Recorded data Start Marker
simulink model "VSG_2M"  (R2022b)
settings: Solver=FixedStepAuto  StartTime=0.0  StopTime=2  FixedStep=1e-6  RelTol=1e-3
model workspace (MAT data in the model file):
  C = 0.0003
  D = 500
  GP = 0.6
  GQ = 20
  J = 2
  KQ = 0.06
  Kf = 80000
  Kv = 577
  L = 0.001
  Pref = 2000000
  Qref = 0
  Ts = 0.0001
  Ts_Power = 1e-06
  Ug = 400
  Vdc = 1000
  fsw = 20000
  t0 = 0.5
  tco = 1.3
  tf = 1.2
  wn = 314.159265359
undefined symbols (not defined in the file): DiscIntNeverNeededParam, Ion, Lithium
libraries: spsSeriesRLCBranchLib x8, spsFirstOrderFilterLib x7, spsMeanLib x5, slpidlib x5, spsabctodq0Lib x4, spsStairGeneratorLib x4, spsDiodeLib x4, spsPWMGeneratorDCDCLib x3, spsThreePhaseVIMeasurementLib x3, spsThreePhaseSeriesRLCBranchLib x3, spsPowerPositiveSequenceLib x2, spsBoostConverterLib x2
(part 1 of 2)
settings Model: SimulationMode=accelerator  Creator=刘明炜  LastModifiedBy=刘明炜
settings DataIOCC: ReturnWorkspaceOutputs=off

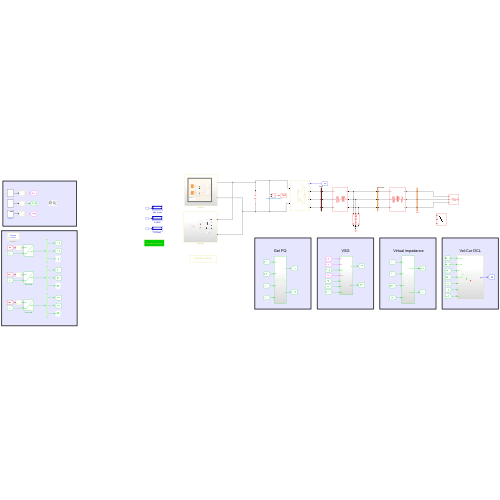
[thumbnail: Simulink's stored preview of the top-level diagram]
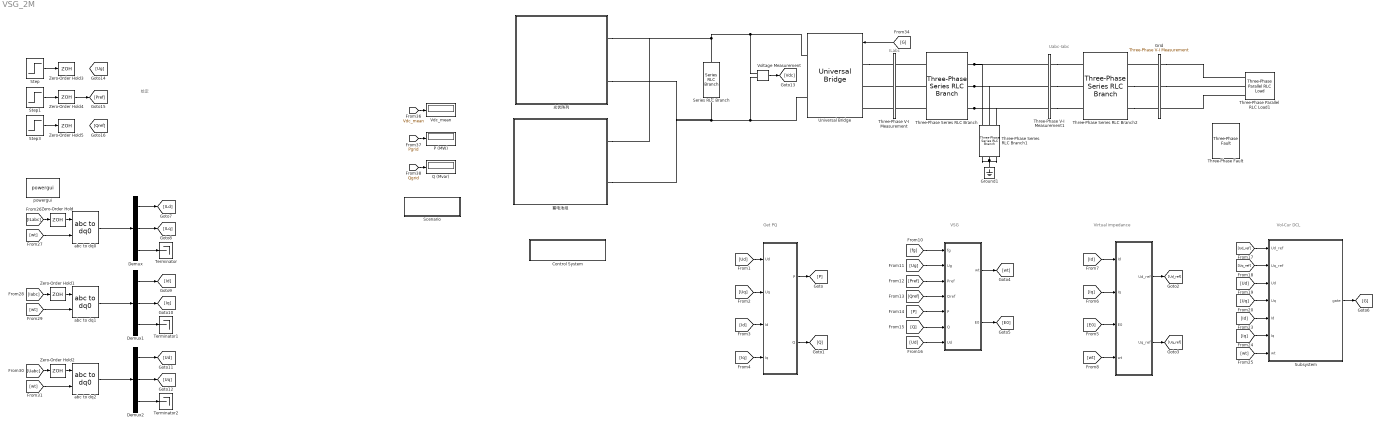
== system VSG_2M ==
  note: 给定
  note: ILabc
  note: VSG
  note: Get PQ
  note: Virtual impedance
  note: Vol-Cur DCL
  note: Uabc-Iabc
  " " : Subsystem
  "  " : Subsystem
  "   " : Subsystem
  Control System : Subsystem
      mask Display: disp('CONTROL SYSTEM')
  Demux : Demux  Outputs=3
  Demux1 : Demux  Outputs=3
  Demux2 : Demux  Outputs=3
  Grid : spsThreePhaseVIMeasurementLib/Three-Phase V-I Measurement  VoltageMeasurement=phase-to-ground  SetLabelV=on  LabelV=Vgrid  Vpu=off  VpuLL=off  CurrentMeasurement=yes  SetLabelI=on  LabelI=Igrid  Ipu=off  Pbase=100e6  Vbase=500e3  OutputType=Complex  PhasorSimulation=off  PSBequivalent=0
  Ground1 : spsGroundLib/Ground  LConnTagsString=a
  P (MW) : Display
      settings: Format=bank  Decimation=200
  Q (Mvar) : Display
      settings: Format=bank  Decimation=200
  Scenario : Subsystem
      mask Display: disp('Scenario & Scopes')
  Series RLC Branch : spsSeriesRLCBranchLib/Series RLC Branch  LConnTagsString=__new0  RConnTagsString=__new0  BranchType=C  Resistance=1  Inductance=1e-3  SetiL0=off  InitialCurrent=0  Capacitance=0.47  Setx0=off  InitialVoltage=0  Measurements=None
  Step : Step  Time=t0  Before=1  After=Ug  SampleTime=0
  Step1 : Step  Time=0  After=Pref  SampleTime=0
  Step3 : Step  Time=0  After=Qref  SampleTime=0
  Subsystem : Subsystem
  Terminator : Terminator
  Terminator1 : Terminator
  Terminator2 : Terminator
  Three-Phase Parallel RLC Load1 : spsThreePhaseParallelRLCLoadLib/Three-Phase Parallel RLC Load  LConnTagsString=A|B|C  Configuration=Y (grounded)  NominalVoltage=400  Vabc=[1e3 1e3 1e3]  Vabcp=[1e3 1e3 1e3]  NominalFrequency=50  UnbalancedPower=off  ActivePower=Pref  InductivePower=0  CapacitivePower=0  Pabc=[10e3 9e3 11e3]  QLabc=[100 90 110]  QCabc=[100 90 110]  Pabcp=[10e3 9e3 11e3]  QLabcp=[100 90 110]  QCabcp=[100 90 110]  Measurements=Branch voltages and currents  LoadType=constant Z
  Three-Phase Series RLC Branch : spsThreePhaseSeriesRLCBranchLib/Three-Phase Series RLC Branch  LConnTagsString=A|B|C  RConnTagsString=A|B|C  BranchType=RL  Resistance=0  Inductance=L  Capacitance=0  Measurements=None
  Three-Phase Series RLC Branch1 : spsThreePhaseSeriesRLCBranchLib/Three-Phase Series RLC Branch  LConnTagsString=A|B|C  RConnTagsString=A|B|C  BranchType=RLC  Resistance=1  Inductance=0  Capacitance=C  Measurements=None
  Three-Phase Series RLC Branch2 : spsThreePhaseSeriesRLCBranchLib/Three-Phase Series RLC Branch  LConnTagsString=A|B|C  RConnTagsString=A|B|C  BranchType=RLC  Resistance=0  Inductance=0.00000001  Capacitance=0  Measurements=None
  Three-Phase V-I Measurement : spsThreePhaseVIMeasurementLib/Three-Phase V-I Measurement  VoltageMeasurement=phase-to-phase  SetLabelV=on  LabelV=Vinv  Vpu=off  VpuLL=off  CurrentMeasurement=yes  SetLabelI=on  LabelI=ILabc  Ipu=off  Pbase=100e6  Vbase=500e3  OutputType=Complex  PhasorSimulation=off  PSBequivalent=0
  Three-Phase V-I Measurement1 : spsThreePhaseVIMeasurementLib/Three-Phase V-I Measurement  VoltageMeasurement=phase-to-ground  SetLabelV=on  LabelV=Uabc  Vpu=off  VpuLL=off  CurrentMeasurement=yes  SetLabelI=on  LabelI=Iabc  Ipu=off  Pbase=100e6  Vbase=500e3  OutputType=Complex  PhasorSimulation=off  PSBequivalent=0
  Three-Phase Fault : spsThreePhaseFaultLib/Three-Phase Fault  InitialStates=0  FaultA=on  FaultB=off  FaultC=off  GroundFault=on  SwitchTimes=[tf tco]  External=off  SwitchStatus=NaN  FaultResistance=1  GroundResistance=0.01  SnubberResistance=1e6  SnubberCapacitance=inf  Measurements=Fault voltages and currents
  Universal Bridge : spsUniversalBridgeLib/Universal Bridge  Arms=3  SnubberResistance=1e5  SnubberCapacitance=inf  Device=IGBT / Diodes  Ron=0.001  Lon=0  ForwardVoltages="[  0  0  ]"  ForwardVoltage=0  GTOparameters=[ 10e-6 , 20e-6 ]  IGBTparameters=[ 1e-6 , 2e-6 ]  Measurements=None  Measurements_2=None  converterType=Rectifier
  Vdc_mean : Display
      settings: Decimation=200
  Voltage Measurement : spsVoltageMeasurementLib/Voltage Measurement  PhasorSimulation=off  OutputType=Complex  PSBequivalent=0
  Zero-Order Hold{,1..5} (6 alike) : ZeroOrderHold  SampleTime=1/fsw
  abc to dq0 : spsabctodq0Lib/abc to dq0  Alignment=90 degrees behind phase A axis
  abc to dq1 : spsabctodq0Lib/abc to dq0  Alignment=90 degrees behind phase A axis
  abc to dq2 : spsabctodq0Lib/abc to dq0  Alignment=90 degrees behind phase A axis
  powergui : spspowerguiLib/powergui  Priority=1  SimulationMode=Discrete  SampleTime=Ts_Power  frequency=60  Iterations=50  frequencyindice=0  Pbase=100e6  ErrMax=1e-4  UnitsV=kV  UnitsW=MW  buscounter=0  FunctionMessages=off  echomessages=off  EnableUseOfTLC=off  CurrentSourceSwitches=off  DisableSnubberDevices=off  DisableRonSwitches=off  DisableVfSwitches=off  DisplayEquations=off  AutomaticDiscreteSolvers=off  SolverType=Tustin/Backward Euler (TBE)  Interpol=off  ExternalGateDelay=off  methode=off  Ts=100  x0status=blocks  SPID=on  SwTol=0  HookPort=off  NonlinearTolerance=1e-4  nMaxIteration=100  ContinueOnMaxIteration=off  RestoreLinks=warning  ResistiveCurrentMeasurement=off  Frange=[0:2:500]  Ylog=off  Xlog=on  ShowGrid=off  save=off  variable=ZData  structure=0  ZoomFFT=off  StartTime=0.0  cycles=1  DisplayStyle=1  fundamental=60  FreqAxis=off  MaxFrequency=1000  frequencyindicesteady=1  RmsSteady=1  display=off
  光伏阵列 : Subsystem
  蓄电池组 : Subsystem
  wires:
  [Id] -> " "/3(Id)
  [Iq] -> " "/4(Iq)
  [Uq] -> " "/2(Uq)
  " "/1(P) -> [P]
  [Ud] -> " "/1(Ud)
  " "/2(Q) -> [Q]
  [E0] -> "   "/3(E0)
  [Iq] -> "   "/2(Iq)
  [Id] -> "   "/1(Id)
  [wt] -> "   "/4(wt)
  "   "/1(Ud_ref) -> [Ud_ref]
  "   "/2(Uq_ref) -> [Uq_ref]
  [Qref] -> "  "/4(Qref)
  [Ud] -> "  "/7(Ud)
  [fg] -> "  "/1(fg)
  "  "/2(E0) -> [E0]
  [Q] -> "  "/6(Q)
  [P] -> "  "/5(P)
  [Ug] -> "  "/2(Ug)
  [Pref] -> "  "/3(Pref)
  "  "/1(wt) -> [wt]
  [Ud] -> Subsystem/3(Ud)
  Subsystem/1(gate) -> [G]
  [wt] -> Subsystem/7(wt)
  [Ud_ref] -> Subsystem/1(Ud_ref)
  [Uq_ref] -> Subsystem/2(Uq_ref)
  [Iq] -> Subsystem/6(Iq)
  [Uq] -> Subsystem/4(Uq)
  [Id] -> Subsystem/5(Id)
  abc to dq0/1 -> Demux/1
  Demux/1 -> [ILd]
  Demux/2 -> [ILq]
  Demux/3 -> Terminator/1
  Demux1/2 -> [Iq]
  Demux1/1 -> [Id]
  abc to dq1/1 -> Demux1/1
  Demux1/3 -> Terminator1/1
  Demux2/2 -> [Uq]
  Demux2/1 -> [Ud]
  abc to dq2/1 -> Demux2/1
  Demux2/3 -> Terminator2/1
  Zero-Order Hold/1 -> abc to dq0/1
  [ILabc] -> Zero-Order Hold/1
  [Iabc] -> Zero-Order Hold1/1
  Zero-Order Hold1/1 -> abc to dq1/1
  [Uabc] -> Zero-Order Hold2/1
  Zero-Order Hold2/1 -> abc to dq2/1
  [wt] -> abc to dq0/2
  [wt] -> abc to dq1/2
  [wt] -> abc to dq2/2
  Step/1 -> Zero-Order Hold3/1
  Step1/1 -> Zero-Order Hold4/1
  [G] -> Universal Bridge/1
  Step3/1 -> Zero-Order Hold5/1
  [Qgrid] -> Q (Mvar)/1
  [Pgrid] -> P (MW)/1
  [Vdc_mean] -> Vdc_mean/1
  Voltage Measurement/1 -> [Vdc]
  Zero-Order Hold4/1 -> [Pref]
  connections:
  Three-Phase Series RLC Branch/RConn1 -- Three-Phase Series RLC Branch1/LConn1 -- Three-Phase V-I Measurement1/LConn1
  Ground1/LConn1 -- Three-Phase Series RLC Branch1/RConn2 -- Three-Phase Series RLC Branch1/RConn3 -- Three-Phase Series RLC Branch1/RConn1
  Three-Phase Series RLC Branch/RConn3 -- Three-Phase V-I Measurement1/LConn3 -- Three-Phase Series RLC Branch1/LConn3
  Three-Phase Series RLC Branch/RConn2 -- Three-Phase Series RLC Branch1/LConn2 -- Three-Phase V-I Measurement1/LConn2
  Three-Phase Series RLC Branch/LConn1 -- Three-Phase V-I Measurement/RConn1
  Three-Phase V-I Measurement1/RConn3 -- Three-Phase Series RLC Branch2/LConn3
  Three-Phase V-I Measurement/LConn2 -- Universal Bridge/LConn2
  Universal Bridge/RConn2 -- Voltage Measurement/LConn2 -- 蓄电池组/RConn2 -- 光伏阵列/RConn2 -- Series RLC Branch/RConn1
  Universal Bridge/LConn1 -- Three-Phase V-I Measurement/LConn1
  Three-Phase V-I Measurement1/RConn2 -- Three-Phase Series RLC Branch2/LConn2
  Universal Bridge/RConn1 -- 蓄电池组/RConn1 -- 光伏阵列/RConn1 -- Series RLC Branch/LConn1 -- Voltage Measurement/LConn1
  Three-Phase V-I Measurement1/RConn1 -- Three-Phase Series RLC Branch2/LConn1
  Three-Phase Series RLC Branch/LConn2 -- Three-Phase V-I Measurement/RConn2
  Three-Phase Series RLC Branch/LConn3 -- Three-Phase V-I Measurement/RConn3
  Three-Phase V-I Measurement/LConn3 -- Universal Bridge/LConn3
  Grid/LConn1 -- Three-Phase Series RLC Branch2/RConn1
  Three-Phase Series RLC Branch2/RConn2 -- Grid/LConn2
  Three-Phase Series RLC Branch2/RConn3 -- Grid/LConn3
  Grid/RConn1 -- Three-Phase Parallel RLC Load1/LConn1
  Grid/RConn2 -- Three-Phase Parallel RLC Load1/LConn2
  Three-Phase Parallel RLC Load1/LConn3 -- Grid/RConn3

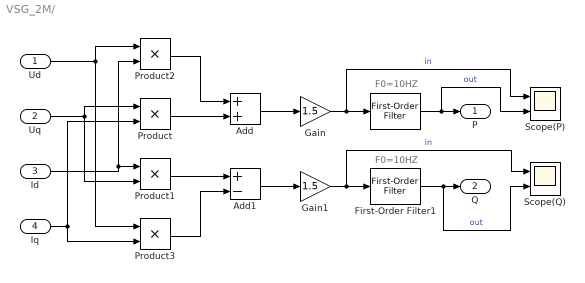
== system VSG_2M/  ==
  note: F0=10HZ
  note: F0=10HZ
  Ud : Inport
  Uq : Inport  Port=2
  Id : Inport  Port=3
  Iq : Inport  Port=4
  " " : spsFirstOrderFilterLib/First-Order Filter  FilterType=Lowpass  Tc=10e-3  Ts=1/fsw  Initialize=on  Vac_Init=[0, 0, 10]  Vdc_Init=0  PlotResponse=off  FreqRange="[0,  200,  1]"
  Add : Sum
  Add1 : Sum  Inputs=+-
  First-Order Filter1 : spsFirstOrderFilterLib/First-Order Filter  FilterType=Lowpass  Tc=10e-3  Ts=1/fsw  Initialize=on  Vac_Init=[0, 0, 10]  Vdc_Init=0  PlotResponse=off  FreqRange="[0,  200,  1]"
  Gain : Gain  Gain=1.5
  Gain1 : Gain  Gain=1.5
  Product{,1..3} (4 alike) : Product
  Scope(P) : Scope  NumInputPorts=2
  Scope(Q) : Scope  NumInputPorts=2
  P : Outport
  Q : Outport  Port=2
  wires:
  Gain1/1 -> First-Order Filter1/1, Scope(Q)/1  "in"
  Product2/1 -> Add/1
  " "/1 -> Scope(P)/2, P/1  "out"
  Add1/1 -> Gain1/1
  Gain/1 -> " "/1, Scope(P)/1  "in"
  First-Order Filter1/1 -> Scope(Q)/2, Q/1  "out"
  Product/1 -> Add/2
  Product3/1 -> Add1/2
  Product1/1 -> Add1/1
  Ud/1 -> Product3/1, Product2/1
  Add/1 -> Gain/1
  Id/1 -> Product1/1, Product2/2
  Iq/1 -> Product3/2, Product/2
  Uq/1 -> Product1/2, Product/1

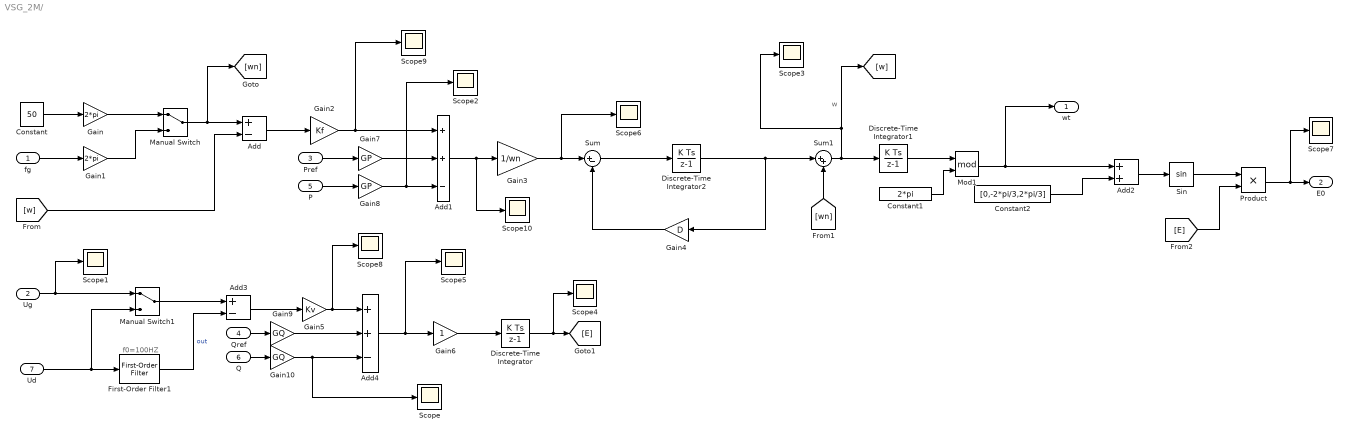
== system VSG_2M/   ==
  note: f0=100HZ
  note: w
  fg : Inport
  Ug : Inport  Port=2
  Pref : Inport  Port=3
  Qref : Inport  Port=4
  P : Inport  Port=5
  Q : Inport  Port=6
  Ud : Inport  Port=7
  Add : Sum  Inputs=+-
  Add1 : Sum  Inputs=++-
  Add2 : Sum
  Add3 : Sum  Inputs=+-
  Add4 : Sum  Inputs=++-
  Constant : Constant  Value=50
  Constant1 : Constant  Value=2*pi
  Constant2 : Constant  Value=[0,-2*pi/3,2*pi/3]
  Discrete-Time Integrator : DiscreteIntegrator  gainval=KQ  SampleTime=1/fsw  ICPrevOutput=DiscIntNeverNeededParam  ICPrevScaledInput=DiscIntNeverNeededParam
  Discrete-Time Integrator1 : DiscreteIntegrator  SampleTime=1/fsw  ICPrevOutput=DiscIntNeverNeededParam  ICPrevScaledInput=DiscIntNeverNeededParam
  Discrete-Time Integrator2 : DiscreteIntegrator  gainval=1/J  SampleTime=1/fsw  ICPrevOutput=DiscIntNeverNeededParam  ICPrevScaledInput=DiscIntNeverNeededParam
  First-Order Filter1 : spsFirstOrderFilterLib/First-Order Filter  FilterType=Lowpass  Tc=10e-3  Ts=1/fsw  Initialize=on  Vac_Init=[0, 0, 10]  Vdc_Init=0  PlotResponse=off  FreqRange="[0,  200,  1]"
  Gain : Gain  Gain=2*pi
  Gain1 : Gain  Gain=2*pi
  Gain10 : Gain  Gain=GQ
  Gain2 : Gain  Gain=Kf
  Gain3 : Gain  Gain=1/wn
  Gain4 : Gain  Gain=D
  Gain5 : Gain  Gain=Kv
  Gain6 : Gain
  Gain7 : Gain  Gain=GP
  Gain8 : Gain  Gain=GP
  Gain9 : Gain  Gain=GQ
  Manual Switch : ManualSwitch
  Manual Switch1 : ManualSwitch
  Mod1 : Math  Operator=mod
  Product : Product
  Scope{,1..10} (11 alike) : Scope
  Sin : Trigonometry
  Sum : Sum  Inputs=|+-
  Sum1 : Sum  Inputs=|++
  wt : Outport
  E0 : Outport  Port=2
  wires:
  Ug/1 -> Scope1/1, Manual Switch1/1
  Gain3/1 -> Scope6/1, Sum/1
  Gain2/1 -> Scope9/1, Add1/1
  Product/1 -> Scope7/1, E0/1
  Add/1 -> Gain2/1
  Manual Switch1/1 -> Add3/1
  [E] -> Product/2
  Add4/1 -> Scope5/1, Gain6/1
  Mod1/1 -> wt/1, Add2/1
  Sum1/1 -> Discrete-Time Integrator1/1, Scope3/1, [w]
  fg/1 -> Gain1/1
  Constant2/1 -> Add2/2
  First-Order Filter1/1 -> Add3/2  "out"
  Ud/1 -> First-Order Filter1/1, Manual Switch1/2
  Constant/1 -> Gain/1
  Sin/1 -> Product/1
  Add2/1 -> Sin/1
  Gain4/1 -> Sum/2
  P/1 -> Gain8/1
  Gain/1 -> Manual Switch/1
  Gain1/1 -> Manual Switch/2
  Discrete-Time Integrator2/1 -> Gain4/1, Sum1/1
  Constant1/1 -> Mod1/2
  Gain5/1 -> Scope8/1, Add4/1
  Q/1 -> Gain10/1
  Manual Switch/1 -> [wn], Add/1
  Pref/1 -> Gain7/1
  Add1/1 -> Scope10/1, Gain3/1
  Add3/1 -> Gain5/1
  Gain6/1 -> Discrete-Time Integrator/1
  Qref/1 -> Gain9/1
  [wn] -> Sum1/2
  Sum/1 -> Discrete-Time Integrator2/1
  Discrete-Time Integrator/1 -> Scope4/1, [E]
  Discrete-Time Integrator1/1 -> Mod1/1
  [w] -> Add/2
  Gain7/1 -> Add1/2
  Gain8/1 -> Scope2/1, Add1/3
  Gain9/1 -> Add4/2
  Gain10/1 -> Scope/1, Add4/3

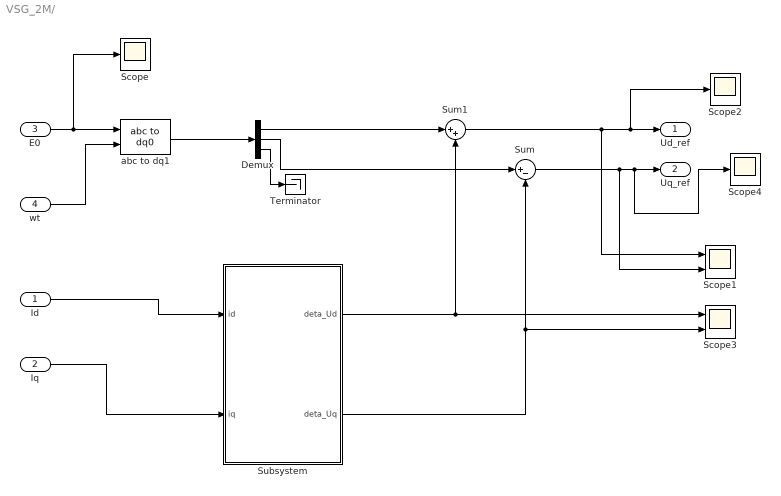
== system VSG_2M/    ==
  Id : Inport
  Iq : Inport  Port=2
  E0 : Inport  Description=Cont  Port=3
  wt : Inport  Port=4
  Demux : Demux  Outputs=3
  Scope : Scope
  Scope1 : Scope  NumInputPorts=2
  Scope2 : Scope
  Scope3 : Scope  NumInputPorts=2
  Scope4 : Scope
  Subsystem : Subsystem
  Sum : Sum  Inputs=|+-
  Sum1 : Sum  Inputs=|++
  Terminator : Terminator
  abc to dq1 : spsabctodq0Lib/abc to dq0  Alignment=90 degrees behind phase A axis
  Ud_ref : Outport
  Uq_ref : Outport  Port=2
  wires:
  Demux/1 -> Sum1/1
  E0/1 -> Scope/1, abc to dq1/1
  Id/1 -> Subsystem/1(id)
  abc to dq1/1 -> Demux/1
  Subsystem/2(deta_Uq) -> Sum/2, Scope3/2
  Sum1/1 -> Scope2/1, Ud_ref/1, Scope1/1
  wt/1 -> abc to dq1/2
  Demux/2 -> Sum/1
  Subsystem/1(deta_Ud) -> Sum1/2, Scope3/1
  Iq/1 -> Subsystem/2(iq)
  Sum/1 -> Scope4/1, Uq_ref/1, Scope1/2
  Demux/3 -> Terminator/1

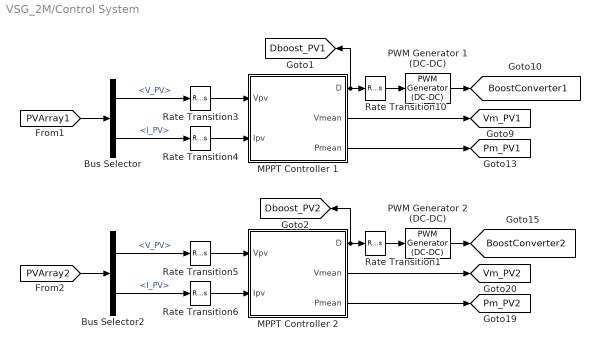
== system VSG_2M/Control System ==
  Bus Selector : BusSelector  OutputSignals=V_PV,I_PV
  Bus Selector2 : BusSelector  OutputSignals=V_PV,I_PV
  MPPT Controller 1 : Subsystem  mask(MPPT Controller - Perturb and Observe algorithm (PandO)){Dinit=0.35, Dlimits=[0.8, 0.3], deltaD=60e-6, Fc=1000, Ts=Ts}
      mask prompts: Dinit "Duty cycle (D) initial value"; Dlimits "D limits [Upper, Lower]"; deltaD "Increment value for PandO algorithm"; Fc "Measurement filter cutoff frequency (Hz)"; Ts "Sample time (s)"
      mask init:
      | Dmax=Dlimits(1);
      | Dmin=Dlimits(2);
  MPPT Controller 2 : Subsystem  mask(MPPT Controller - Perturb and Observe algorithm (PandO)){Dinit=0.55, Dlimits=[0.8, 0.47], deltaD=60e-6, Fc=1000, Ts=Ts}
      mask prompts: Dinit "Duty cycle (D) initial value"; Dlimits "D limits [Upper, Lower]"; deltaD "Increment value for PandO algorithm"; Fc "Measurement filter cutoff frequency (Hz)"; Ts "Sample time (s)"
Recorded data End Marker
Before answering, count every line of the records that contains "settings"; the answer is that number and nothing more.

**Solution to this problem:** 6